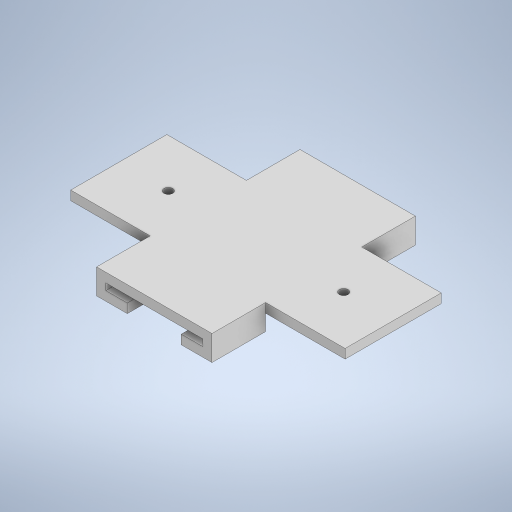
# Autodesk Inventor part: cam_holder
Saved by Autodesk Inventor 2024.3 (Build 283343000, 343)
## iProperties
Created: 2024-12-12
Part Number: cam_holder
Material: Generic
Document SubType Name: Modeling
Designer: User
Density: 1 g/cm^3
Appearance: Default
Author: User
Autodesk Inventor part; units mm, degrees
ref_plane "YZ Plane" through (0, 0, 0) normal (1, 0, 0) x (0, 1, 0)
ref_plane "XZ Plane" through (0, 0, 0) normal (0, 1, 0) x (-1, 0, 0)
ref_plane "XY Plane" through (0, 0, 0) normal (0, 0, 1) x (1, 0, 0)
sketch "Sketch3" plane through (0, 0, 0) normal (0, 1, 0) x (-1, 0, 0)
  line L0 (-74.2, 0) -> (-74.2, -26)
  line L1 (0, -26) -> (0, 0)
  line L2 (0, 0) -> (-24, 0)
  line L3 (-24, 0) -> (-24, 14.5)
  line L4 (-24, 14.5) -> (-50.2, 14.5)
  line L5 (-50.2, 14.5) -> (-50.2, 0)
  line L6 (-50.2, -26) -> (-50.2, -40.5)
  line L7 (-50.2, -40.5) -> (-24, -40.5)
  line L8 (-24, -40.5) -> (-24, -26)
  line L9 (0, -13) -> (-13.4, -13)
  line L10 (-74.2, -13) -> (-60.8, -13)
  line L11 (0, 0) -> (-24, 0)
  line L12 (-50.2, 0) -> (-74.2, 0)
  line L13 (-74.2, -26) -> (-50.2, -26)
  line L14 (-24, -26) -> (0, -26)
  circle A0 centre (-13.4, -13) radius 1.2
  circle A1 centre (-60.8, -13) radius 1.2
  dimension "d2" = 74.2
  dimension "d3" = 26
  dimension "d4" = 24
  dimension "d5" = 14.5
  dimension "d6" = 26.2
  dimension "d7" = 14.5
  dimension "d8" = 26.2
  dimension "d9" = 13.4
  dimension "d10" = 13.4
  dimension "d11" = 2.4
  dimension "d12" = 2.4
  constraints: 30 end point, 9 perpendicular, 5 horizontal, 5 parallel, 2 centre point, 2 coincident, 2 midpoint, 2 point on line
  measures "d2" distance of L1.start L0.end
  measures "d3" distance of L0.end L0.start
  measures "d4" distance of L1.end L2.end
  measures "d5" distance of L2.end L3.end
  measures "d6" distance of L3.end L4.end
  measures "d7" distance of L6.start L6.end
  measures "d8" distance of L6.end L7.end
  measures "d9" distance of L9.start L9.end
  measures "d10" distance of L10.start L10.end
  measures "d11" diameter of A0
  measures "d12" diameter of A1
extrude "Extrusion1" add sketch "Sketch3" along normal blind 2.5
sketch "Sketch4" plane through (50.2, 0, 14.5) normal (1, 0, 0) x (0, 0, -1)
  point P0 (14.5, 0)
sketch "Sketch5" plane through (0, 2.5, 0) normal (0, 1, 0) x (1, 0, 0)
  line L0 (24, -14.5) -> (50.2, -14.5) projected
  line L1 (24, -14.5) -> (21.5, -14.5)
  line L2 (21.5, -14.5) -> (21.5, 0)
  line L3 (21.5, 0) -> (24, 0)
  line L4 (24, 0) -> (24, -14.5)
  point P0 (0, 0)
  dimension "d15" = 2.5
  constraints: 8 end point, 3 perpendicular, 1 horizontal
  measures "d15" distance of L0.start L1.end
extrude "Extrusion2" add sketch "Sketch5" against normal blind 6.8
sketch "Sketch6" plane through (0, 2.5, 0) normal (0, 1, 0) x (1, 0, 0)
  line L0 (50.2, -14.5) -> (50.2, 0) projected
  line L1 (50.2, -14.5) -> (52.7, -14.5)
  line L2 (52.7, -14.5) -> (52.7, 0)
  line L3 (50.2, 0) -> (74.2, 0) projected
  line L4 (50.2, 0) -> (50.2, -14.5)
  point P0 (0, 0)
  dimension "d18" = 2.5
  constraints: 6 end point, 1 horizontal, 1 parallel, 1 perpendicular, 1 point on line
  measures "d18" distance of L0.start L1.end
extrude "Extrusion3" add sketch "Sketch6" against normal blind 6.8
sketch "Sketch7" plane through (0, 2.5, 0) normal (0, 1, 0) x (1, 0, 0)
  line L0 (24, 40.5) -> (24, 26) projected
  line L1 (24, 40.5) -> (21.5, 40.5)
  line L2 (21.5, 40.5) -> (21.5, 26)
  line L3 (21.5, 26) -> (24, 26)
  line L4 (24, 26) -> (24, 40.5)
  point P0 (0, 0)
  dimension "d21" = 2.5
  constraints: 8 end point, 2 perpendicular, 1 collinear, 1 horizontal
  measures "d21" distance of L0.start L1.end
extrude "Extrusion4" add sketch "Sketch7" against normal blind 6.8
sketch "Sketch8" plane through (0, 2.5, 0) normal (0, 1, 0) x (1, 0, 0)
  line L0 (50.2, 26) -> (50.2, 40.5) projected
  line L1 (50.2, 40.5) -> (52.7, 40.5)
  line L2 (52.7, 40.5) -> (52.7, 26)
  line L3 (52.7, 26) -> (50.2, 26)
  line L4 (50.2, 26) -> (50.2, 40.5)
  point P0 (0, 0)
  dimension "d24" = 2.5
  constraints: 8 end point, 2 perpendicular, 1 collinear, 1 horizontal
  measures "d24" distance of L0.end L1.end
extrude "Extrusion5" add sketch "Sketch8" against normal blind 6.8
sketch "Sketch9" plane through (24, 0, -26) normal (1, 0, 0) x (0, 0, -1)
  line L0 (14.5, 0) -> (14.5, -4.3) projected
  line L1 (14.5, -4.3) -> (14.5, -1.8)
  line L2 (14.5, -1.8) -> (0, -1.8)
  line L3 (0, -1.8) -> (0, -4.3)
  line L4 (0, -4.3) -> (14.5, -4.3)
  point P0 (-26, 0)
  dimension "d27" = 2.5
  constraints: 8 end point, 3 perpendicular, 1 point on line
  measures "d27" distance of L0.end L1.end
extrude "Extrusion6" add sketch "Sketch9" along normal blind 5.8
sketch "Sketch10" plane through (50.2, 0, -40.5) normal (-1, 0, 0) x (0, 0, 1)
  line L0 (0, 0) -> (0, -4.3) projected
  line L1 (0, -4.3) -> (0, -1.8)
  line L2 (0, -1.8) -> (14.5, -1.8)
  line L3 (14.5, 0) -> (14.5, -4.3) projected
  line L4 (14.5, -1.8) -> (14.5, -4.3)
  line L5 (14.5, -4.3) -> (0, -4.3)
  point P0 (40.5, 0)
  dimension "d30" = 2.5
  constraints: 8 end point, 2 perpendicular, 1 horizontal, 1 point on line
  measures "d30" distance of L0.end L1.end
extrude "Extrusion7" add sketch "Sketch10" along normal blind 5.8
sketch "Sketch11" plane through (50.2, 0, 0) normal (-1, 0, 0) x (0, 0, 1)
  line L0 (14.5, -4.3) -> (0, -4.3) projected
  line L1 (0, -4.3) -> (0, -1.8)
  line L2 (0, 0) -> (0, -4.3) projected
  arc A0 (-2.0781, -1.1028) -> (0, -1.8) centre (0, 1.6455) ccw
  line L3 (0, -1.8) -> (14.5, -1.8)
  line L4 (14.5, -1.8) -> (14.5, -4.3)
  line L5 (0, 0) -> (0, -4.3) projected
  line L6 (14.5, 2.5) -> (14.5, -4.3) projected
  line L7 (0, -4.3) -> (14.5, -4.3)
  dimension "d33" = 2.5
  constraints: 8 end point, 2 point on circle, 2 point on line, 1 centre point, 1 horizontal, 1 parallel, 1 perpendicular
  measures "d33" distance of L0.end L1.end
extrude "Extrusion8" add sketch "Sketch11" along normal blind 5.8
sketch "Sketch12" plane through (24, 0, 14.5) normal (1, 0, 0) x (0, 0, -1)
  line L0 (0, 0) -> (0, -4.3) projected
  line L1 (0, -4.3) -> (0, -1.8)
  line L2 (0, -1.8) -> (14.5, -1.8)
  line L3 (14.5, -4.3) -> (0, -4.3) projected
  line L4 (14.5, -1.8) -> (14.5, -4.3)
  line L5 (14.5, -4.3) -> (0, -4.3)
  point P0 (14.5, 0)
  dimension "d36" = 2.5
  constraints: 8 end point, 2 perpendicular, 1 collinear, 1 point on line
  measures "d36" distance of L0.end L1.end
extrude "Extrusion9" add sketch "Sketch12" along normal blind 5.8
body "Solid1"
——————————
From the first line of the records through the line with "of L1.end L2.end", reproduce each line exactly and leave the pictures out.

- **Result of the task**:
# Autodesk Inventor part: cam_holder
Saved by Autodesk Inventor 2024.3 (Build 283343000, 343)
## iProperties
Created: 2024-12-12
Part Number: cam_holder
Material: Generic
Document SubType Name: Modeling
Designer: User
Density: 1 g/cm^3
Appearance: Default
Author: User
Autodesk Inventor part; units mm, degrees
ref_plane "YZ Plane" through (0, 0, 0) normal (1, 0, 0) x (0, 1, 0)
ref_plane "XZ Plane" through (0, 0, 0) normal (0, 1, 0) x (-1, 0, 0)
ref_plane "XY Plane" through (0, 0, 0) normal (0, 0, 1) x (1, 0, 0)
sketch "Sketch3" plane through (0, 0, 0) normal (0, 1, 0) x (-1, 0, 0)
  line L0 (-74.2, 0) -> (-74.2, -26)
  line L1 (0, -26) -> (0, 0)
  line L2 (0, 0) -> (-24, 0)
  line L3 (-24, 0) -> (-24, 14.5)
  line L4 (-24, 14.5) -> (-50.2, 14.5)
  line L5 (-50.2, 14.5) -> (-50.2, 0)
  line L6 (-50.2, -26) -> (-50.2, -40.5)
  line L7 (-50.2, -40.5) -> (-24, -40.5)
  line L8 (-24, -40.5) -> (-24, -26)
  line L9 (0, -13) -> (-13.4, -13)
  line L10 (-74.2, -13) -> (-60.8, -13)
  line L11 (0, 0) -> (-24, 0)
  line L12 (-50.2, 0) -> (-74.2, 0)
  line L13 (-74.2, -26) -> (-50.2, -26)
  line L14 (-24, -26) -> (0, -26)
  circle A0 centre (-13.4, -13) radius 1.2
  circle A1 centre (-60.8, -13) radius 1.2
  dimension "d2" = 74.2
  dimension "d3" = 26
  dimension "d4" = 24
  dimension "d5" = 14.5
  dimension "d6" = 26.2
  dimension "d7" = 14.5
  dimension "d8" = 26.2
  dimension "d9" = 13.4
  dimension "d10" = 13.4
  dimension "d11" = 2.4
  dimension "d12" = 2.4
  constraints: 30 end point, 9 perpendicular, 5 horizontal, 5 parallel, 2 centre point, 2 coincident, 2 midpoint, 2 point on line
  measures "d2" distance of L1.start L0.end
  measures "d3" distance of L0.end L0.start
  measures "d4" distance of L1.end L2.end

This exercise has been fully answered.